7.3 Bubble Sort Algorithm| Data Structures Tutorials

Introduction

This tutorial covers the Bubble Sort algorithm, a fundamental sorting technique used in computer science. We'll explore how it works, its implementation in code, and analyze its time complexity in both the best and worst cases. Understanding Bubble Sort is essential for grasping more complex sorting algorithms and data structures.

Step 1: Understanding the Bubble Sort Algorithm

Bubble Sort is a simple comparison-based sorting algorithm. It repeatedly steps through the list, compares adjacent elements, and swaps them if they are in the wrong order. The process is repeated until the list is sorted.

Key Features

• Comparison-based: Elements are compared in pairs.
• In-place sorting: It doesn't require additional storage.
• Stable sorting: It maintains the relative order of equal elements.

How It Works

1. Start at the beginning of the list.
2. Compare the first two adjacent elements.
3. If the first element is greater than the second, swap them.
4. Move to the next pair and repeat until the end of the list.
5. Repeat the entire process until no swaps are needed.

Step 2: Implementing Bubble Sort in Code

Here’s a basic implementation of Bubble Sort in Python:

def bubble_sort(arr):
    n = len(arr)
    # Traverse through all array elements
    for i in range(n):
        # Last i elements are already sorted
        for j in range(0, n-i-1):
            # Traverse the array from 0 to n-i-1
            # Swap if the element found is greater than the next element
            if arr[j] > arr[j+1]:
                arr[j], arr[j+1] = arr[j+1], arr[j]

# Example usage
arr = [64, 34, 25, 12, 22, 11, 90]
bubble_sort(arr)
print("Sorted array is:", arr)

Practical Tips

• Use this algorithm for small datasets where simplicity is preferred over efficiency.
• For larger datasets, consider more advanced sorting algorithms.

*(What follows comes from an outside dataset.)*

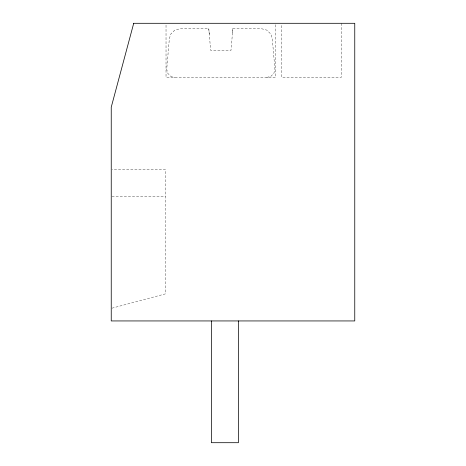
<?xml version="1.0" encoding="UTF-8"?>
<svg xmlns="http://www.w3.org/2000/svg" width="466" height="466" viewBox="0 0 466 466"><rect width="100%" height="100%" fill="white"/><g stroke="black" fill="none" stroke-linecap="round" stroke-linejoin="round"><path stroke-width="0.35" stroke-dasharray="2.33 1.75" d="M266.82 77.414L270.88 76.331L273.851 73.36L274.94 69.3L272.284 38.591L270.874 34.123L266.913 30.162L261.502 28.711L232.866 28.711L232.388 34.123M232.866 28.711L230.973 50.357L210.679 50.357L208.785 28.711L180.144 28.711L174.733 30.162L170.772 34.123L169.362 38.591L166.706 69.3L167.795 73.36L170.766 76.331L174.826 77.414M111.939 308.195L165.354 293.883L165.354 169.414L111.962 169.414M111.962 196.471L165.354 196.471M209.257 34.123L208.785 28.711M341.234 23.3L341.234 77.414L281.703 77.414L281.703 24.745M275.616 24.745L275.616 77.414L166.03 77.414L166.03 24.745"/><path stroke-width="0.7" d="M238.411 320.94L238.411 442.7L211.354 442.7L211.354 320.94M133.713 23.3L111.24 107.18L111.24 320.94L354.76 320.94L354.76 23.3L133.713 23.3"/></g></svg>

Step 3: Analyzing Time Complexity

Understanding the efficiency of Bubble Sort is crucial. The time complexity is determined by how many comparisons and swaps are made.

Best Case

• The best-case scenario occurs when the list is already sorted.
• Time Complexity: O(n) – only one pass is made through the array.

Worst Case

• The worst-case scenario happens when the list is sorted in reverse order.
• Time Complexity: O(n^2) – comparisons are made for each element.

Average Case

• The average case also results in O(n^2) as it requires multiple passes through the list.

Conclusion

Bubble Sort is an easy-to-understand sorting algorithm suitable for educational purposes and small datasets. Remember its simplicity comes at the cost of efficiency, making it less ideal for larger datasets. For further learning, explore more advanced algorithms like Quick Sort or Merge Sort. Implementing these algorithms will enhance your understanding of sorting mechanisms in data structures.